It is important (for the training and generation stages) to distinguish between whether the model copies the original works or merely infers information from them - as copyright does not protect against the latter.

> The first part, collation of source material for training is emphatically not unexplored legal or moral territory.

Similar to as in Authors Guild v. Google, Inc. where Google internally made entire copies of millions of in-copyright books:

> > While Google makes an unauthorized digital copy of the entire book, it does not reveal that digital copy to the public. The copy is made to enable the search functions to reveal limited, important information about the books. With respect to the search function, Google satisfies the third factor test

Or in the ongoing Thomson Reuters v. Ross Intelligence case where the latter used the former's legal headnotes for training a language model:

> > verbatim intermediate copying has consistently been upheld as fair use if the copy is "not reveal[ed] to the public."

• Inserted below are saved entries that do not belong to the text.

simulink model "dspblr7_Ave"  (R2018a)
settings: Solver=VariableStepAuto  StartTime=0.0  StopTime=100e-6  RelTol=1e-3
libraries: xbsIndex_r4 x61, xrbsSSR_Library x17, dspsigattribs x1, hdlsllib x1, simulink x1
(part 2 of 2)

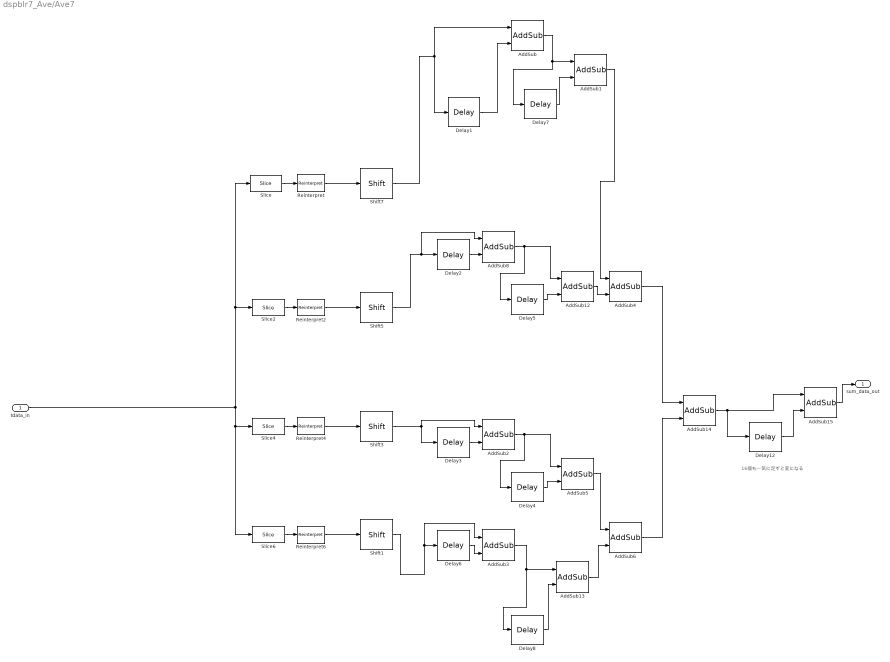
== system dspblr7_Ave/Ave7 ==
  note: 16個も一気に足すと変になる
  tdata_in : Inport
  AddSub{,1..3,8,12..15} (9 alike) : xbsIndex_r4/AddSub  mode=Addition  use_carryin=off  use_carryout=off  en=off  latency=0  precision=User Defined  arith_type="Signed  (2's comp)"  n_bits=17  bin_pt=4  quantization=Truncate  overflow=Wrap  use_behavioral_HDL=off  hw_selection=Fabric  pipelined=off  dbl_ovrd=off  block_type=addsub
  AddSub4 : xbsIndex_r4/AddSub  mode=Addition  use_carryin=off  use_carryout=off  en=off  latency=0  precision=Full  arith_type="Signed  (2's comp)"  n_bits=18  bin_pt=4  quantization=Truncate  overflow=Wrap  use_behavioral_HDL=off  hw_selection=Fabric  pipelined=off  dbl_ovrd=off  block_type=addsub
  AddSub5 : xbsIndex_r4/AddSub  mode=Addition  use_carryin=off  use_carryout=off  en=off  latency=0  precision=Full  arith_type="Signed  (2's comp)"  n_bits=18  bin_pt=4  quantization=Truncate  overflow=Wrap  use_behavioral_HDL=off  hw_selection=Fabric  pipelined=off  dbl_ovrd=off  block_type=addsub
  AddSub6 : xbsIndex_r4/AddSub  mode=Addition  use_carryin=off  use_carryout=off  en=off  latency=0  precision=User Defined  arith_type="Signed  (2's comp)"  n_bits=19  bin_pt=4  quantization=Truncate  overflow=Wrap  use_behavioral_HDL=off  hw_selection=Fabric  pipelined=off  dbl_ovrd=off  block_type=addsub
  Delay{1..3,6} (4 alike) : xbsIndex_r4/Delay  rst=off  infoeditControl=Selection of Reset will increase slice count due to use of real FFs and instead of SRLs  en=off  latency=1  reg_retiming=off  dbl_ovrd=off  block_type=delay
  Delay12 : xbsIndex_r4/Delay  rst=off  infoeditControl=Selection of Reset will increase slice count due to use of real FFs and instead of SRLs  en=off  latency=4  reg_retiming=off  dbl_ovrd=off  block_type=delay
  Delay{4..5,7..8} (4 alike) : xbsIndex_r4/Delay  rst=off  infoeditControl=Selection of Reset will increase slice count due to use of real FFs and instead of SRLs  en=off  latency=2  reg_retiming=off  dbl_ovrd=off  block_type=delay
  Reinterpret{,2,4,6} (4 alike) : xbsIndex_r4/Reinterpret  force_arith_type=on  arith_type="Signed  (2's comp)"  force_bin_pt=on  bin_pt=4  block_type=reinterpret
  Shift{1,3,5,7} (4 alike) : xbsIndex_r4/Shift  shift_dir=Right  shift_bits=5  en=off  latency=1  precision=Full  arith_type="Signed  (2's comp)"  n_bits=16  bin_pt=14  quantization=Truncate  overflow=Wrap  dbl_ovrd=off  block_type=shift
  Slice : xbsIndex_r4/Slice  nbits=16  boolean_output=off  mode=Two Bit Locations  bit1=15  base1=LSB of Input  bit0=0  base0=LSB of Input  dbl_ovrd=off  block_type=slice
  Slice2 : xbsIndex_r4/Slice  nbits=16  boolean_output=off  mode=Two Bit Locations  bit1=47  base1=LSB of Input  bit0=32  base0=LSB of Input  dbl_ovrd=off  block_type=slice
  Slice4 : xbsIndex_r4/Slice  nbits=16  boolean_output=off  mode=Two Bit Locations  bit1=79  base1=LSB of Input  bit0=64  base0=LSB of Input  dbl_ovrd=off  block_type=slice
  Slice6 : xbsIndex_r4/Slice  nbits=16  boolean_output=off  mode=Two Bit Locations  bit1=111  base1=LSB of Input  bit0=96  base0=LSB of Input  dbl_ovrd=off  block_type=slice
  sum_data_out : Outport  OutDataTypeStr=fixdt(1,19,4)
  wires:
  Slice4/1 -> Reinterpret4/1
  Reinterpret6/1 -> Shift1/1
  AddSub14/1 -> Delay12/1, AddSub15/1
  AddSub13/1 -> AddSub6/2
  AddSub4/1 -> AddSub14/1
  AddSub8/1 -> Delay5/1, AddSub12/1
  Reinterpret4/1 -> Shift3/1
  Delay7/1 -> AddSub1/2
  AddSub6/1 -> AddSub14/2
  Slice2/1 -> Reinterpret2/1
  Slice/1 -> Reinterpret/1
  AddSub5/1 -> AddSub6/1
  Slice6/1 -> Reinterpret6/1
  Shift5/1 -> AddSub8/1, Delay2/1
  Delay2/1 -> AddSub8/2
  tdata_in/1 -> Slice/1, Slice2/1, Slice4/1, Slice6/1
  AddSub1/1 -> AddSub4/1
  Shift7/1 -> AddSub/1, Delay1/1
  Delay1/1 -> AddSub/2
  AddSub/1 -> Delay7/1, AddSub1/1
  Reinterpret2/1 -> Shift5/1
  Delay5/1 -> AddSub12/2
  Reinterpret/1 -> Shift7/1
  AddSub12/1 -> AddSub4/2
  AddSub15/1 -> sum_data_out/1
  Delay12/1 -> AddSub15/2
  AddSub2/1 -> AddSub5/1, Delay4/1
  Delay3/1 -> AddSub2/2
  Shift3/1 -> Delay3/1, AddSub2/1
  Delay4/1 -> AddSub5/2
  AddSub3/1 -> Delay8/1, AddSub13/1
  Delay6/1 -> AddSub3/2
  Shift1/1 -> AddSub3/1, Delay6/1
  Delay8/1 -> AddSub13/2

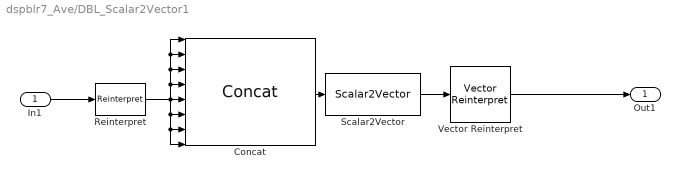
== system dspblr7_Ave/DBL_Scalar2Vector1 ==
  In1 : Inport
  Concat : xbsIndex_r4/Concat  num_inputs=8  dbl_ovrd=off  block_type=concat
  Reinterpret : xbsIndex_r4/Reinterpret  force_arith_type=on  arith_type=Unsigned  force_bin_pt=on  bin_pt=0  block_type=reinterpret
  Scalar2Vector : xrbsSSR_Library/Scalar2Vector  Width=16  sg_ssr=8  sg_ssr_prev=8  sg_ssr_name=vect_Scalar2Vector  block_type=scalar2vector_ssr
      settings: SourceProductName=Xilinx SSR Blockset
  Vector Reinterpret : xrbsSSR_Library/Vector Reinterpret  sg_ssr=8  sg_ssr_prev=8  force_arith_type=on  arith_type="Signed  (2's comp)"  force_bin_pt=on  bin_pt=4  block_type=reinterpret_ssr
      settings: SourceProductName=Xilinx SSR Blockset  infoedit="The Vector Reinterpret block Changes vector input signal type without altering the binary representation. You can change the signal between signed and unsigned, and relocate the binary point.<br><br>Hardware notes: In hardware this block costs nothing.<br><br>Example:  Suppose the input is 6 bits wide, signed, with 2 fractional bits, and the output is forced to unsigned with 0 fractional bits.  Then an input of -2.0 (1110.00 in binary 2's complement) becomes an output of 56 (111000 in binary)."
  Out1 : Outport
  wires:
  In1/1 -> Reinterpret/1
  Vector Reinterpret/1 -> Out1/1
  Reinterpret/1 -> Concat/1, Concat/2, Concat/3, Concat/4, Concat/8, Concat/7, Concat/6, Concat/5
  Concat/1 -> Scalar2Vector/1
  Scalar2Vector/1 -> Vector Reinterpret/1

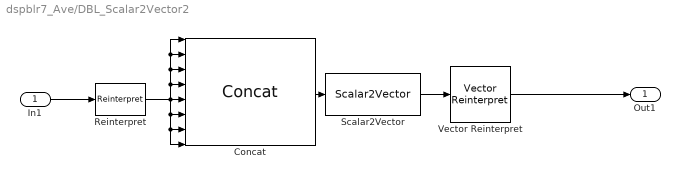
== system dspblr7_Ave/DBL_Scalar2Vector2 ==
  In1 : Inport
  Concat : xbsIndex_r4/Concat  num_inputs=8  dbl_ovrd=off  block_type=concat
  Reinterpret : xbsIndex_r4/Reinterpret  force_arith_type=on  arith_type=Unsigned  force_bin_pt=on  bin_pt=0  block_type=reinterpret
  Scalar2Vector : xrbsSSR_Library/Scalar2Vector  Width=16  sg_ssr=8  sg_ssr_prev=8  sg_ssr_name=vect_Scalar2Vector  block_type=scalar2vector_ssr
      settings: SourceProductName=Xilinx SSR Blockset
  Vector Reinterpret : xrbsSSR_Library/Vector Reinterpret  sg_ssr=8  sg_ssr_prev=8  force_arith_type=on  arith_type="Signed  (2's comp)"  force_bin_pt=on  bin_pt=4  block_type=reinterpret_ssr
      settings: SourceProductName=Xilinx SSR Blockset  infoedit="The Vector Reinterpret block Changes vector input signal type without altering the binary representation. You can change the signal between signed and unsigned, and relocate the binary point.<br><br>Hardware notes: In hardware this block costs nothing.<br><br>Example:  Suppose the input is 6 bits wide, signed, with 2 fractional bits, and the output is forced to unsigned with 0 fractional bits.  Then an input of -2.0 (1110.00 in binary 2's complement) becomes an output of 56 (111000 in binary)."
  Out1 : Outport
  wires:
  In1/1 -> Reinterpret/1
  Vector Reinterpret/1 -> Out1/1
  Reinterpret/1 -> Concat/1, Concat/2, Concat/3, Concat/4, Concat/8, Concat/7, Concat/6, Concat/5
  Concat/1 -> Scalar2Vector/1
  Scalar2Vector/1 -> Vector Reinterpret/1

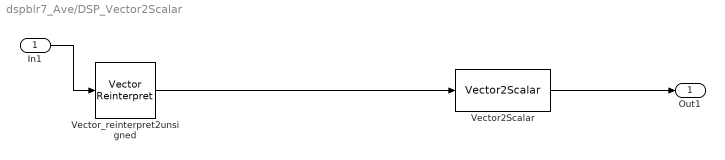
== system dspblr7_Ave/DSP_Vector2Scalar ==
  In1 : Inport
  Vector2Scalar : xrbsSSR_Library/Vector2Scalar  sg_ssr=8  sg_ssr_prev=8  sg_ssr_name=vect_Vector2Scalar  block_type=vector2scalar_ssr
      settings: SourceProductName=Xilinx SSR Blockset
  Vector_reinterpret2unsigned : xrbsSSR_Library/Vector Reinterpret  sg_ssr=8  sg_ssr_prev=8  force_arith_type=on  arith_type=Unsigned  force_bin_pt=on  bin_pt=0  block_type=reinterpret_ssr
      settings: SourceProductName=Xilinx SSR Blockset  infoedit="The Vector Reinterpret block Changes vector input signal type without altering the binary representation. You can change the signal between signed and unsigned, and relocate the binary point.<br><br>Hardware notes: In hardware this block costs nothing.<br><br>Example:  Suppose the input is 6 bits wide, signed, with 2 fractional bits, and the output is forced to unsigned with 0 fractional bits.  Then an input of -2.0 (1110.00 in binary 2's complement) becomes an output of 56 (111000 in binary)."
  Out1 : Outport
  wires:
  In1/1 -> Vector_reinterpret2unsigned/1
  Vector_reinterpret2unsigned/1 -> Vector2Scalar/1
  Vector2Scalar/1 -> Out1/1

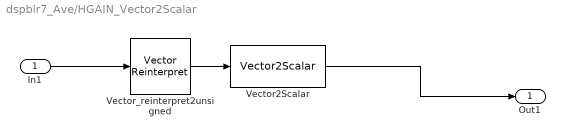
== system dspblr7_Ave/HGAIN_Vector2Scalar ==
  In1 : Inport
  Vector2Scalar : xrbsSSR_Library/Vector2Scalar  sg_ssr=8  sg_ssr_prev=8  sg_ssr_name=vect_Vector2Scalar  block_type=vector2scalar_ssr
      settings: SourceProductName=Xilinx SSR Blockset
  Vector_reinterpret2unsigned : xrbsSSR_Library/Vector Reinterpret  sg_ssr=8  sg_ssr_prev=8  force_arith_type=on  arith_type=Unsigned  force_bin_pt=on  bin_pt=0  block_type=reinterpret_ssr
      settings: SourceProductName=Xilinx SSR Blockset  infoedit="The Vector Reinterpret block Changes vector input signal type without altering the binary representation. You can change the signal between signed and unsigned, and relocate the binary point.<br><br>Hardware notes: In hardware this block costs nothing.<br><br>Example:  Suppose the input is 6 bits wide, signed, with 2 fractional bits, and the output is forced to unsigned with 0 fractional bits.  Then an input of -2.0 (1110.00 in binary 2's complement) becomes an output of 56 (111000 in binary)."
  Out1 : Outport
  wires:
  Vector_reinterpret2unsigned/1 -> Vector2Scalar/1
  In1/1 -> Vector_reinterpret2unsigned/1
  Vector2Scalar/1 -> Out1/1

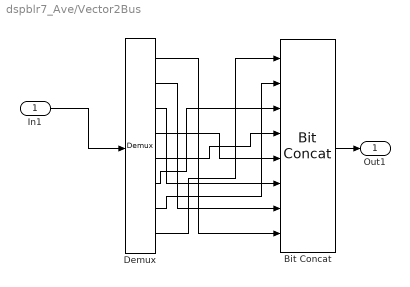
== system dspblr7_Ave/Vector2Bus ==
  In1 : Inport
  Bit Concat : hdlsllib/Logic and Bit Operations/Bit Concat  numInputs=8
      settings: SourceProductName=HDL Coder  SourceProductBaseCode=HD
  Demux : Demux  Outputs=8
  Out1 : Outport
  wires:
  Demux/1 -> Bit Concat/8
  Demux/8 -> Bit Concat/1
  Demux/3 -> Bit Concat/6
  Bit Concat/1 -> Out1/1
  Demux/7 -> Bit Concat/2
  Demux/4 -> Bit Concat/5
  Demux/2 -> Bit Concat/7
  Demux/6 -> Bit Concat/3
  Demux/5 -> Bit Concat/4
  In1/1 -> Demux/1

That it's an internal transient copy is not inherently a free pass, but it is something the courts take into consideration, as mentioned more explicitly in Sega v. Accolade:

> > Accolade, a commercial competitor of Sega, engaged in wholesale copying of Sega's copyrighted code as a preliminary step in the development of a competing product [yet] where the ultimate (as opposed to direct) use is as limited as it was here, the factor is of very little weight

And, given training a machine learning model is a considerably different purpose than what the images were originally intended for, it's likely to be considered transformative; as in Campbell v. Acuff-Rose Music:

> > The more transformative the new work, the less will be the significance of other factors

Listen, most website and book-authors want to be indexed by google. It brings potential audience their way, so most don’t make use of their _right_ to be de-listed. For these models, there is no plausible benefit to the original creators, and so one has to argue they have _no_ such right to be “de-listed” in order to get any training data currently under copyright.
No one is saying a model is the legal entity. The legal entities are still people and corporations.
Oh come on, you’re being insincere. Wether or not the model is learning from the work just like people is hotly debated as if it would make a difference. Fair use is even brought up. Fair use! Even if it applied, these training sets collate all of everything

I feel like I’m taking crazy pills TBQH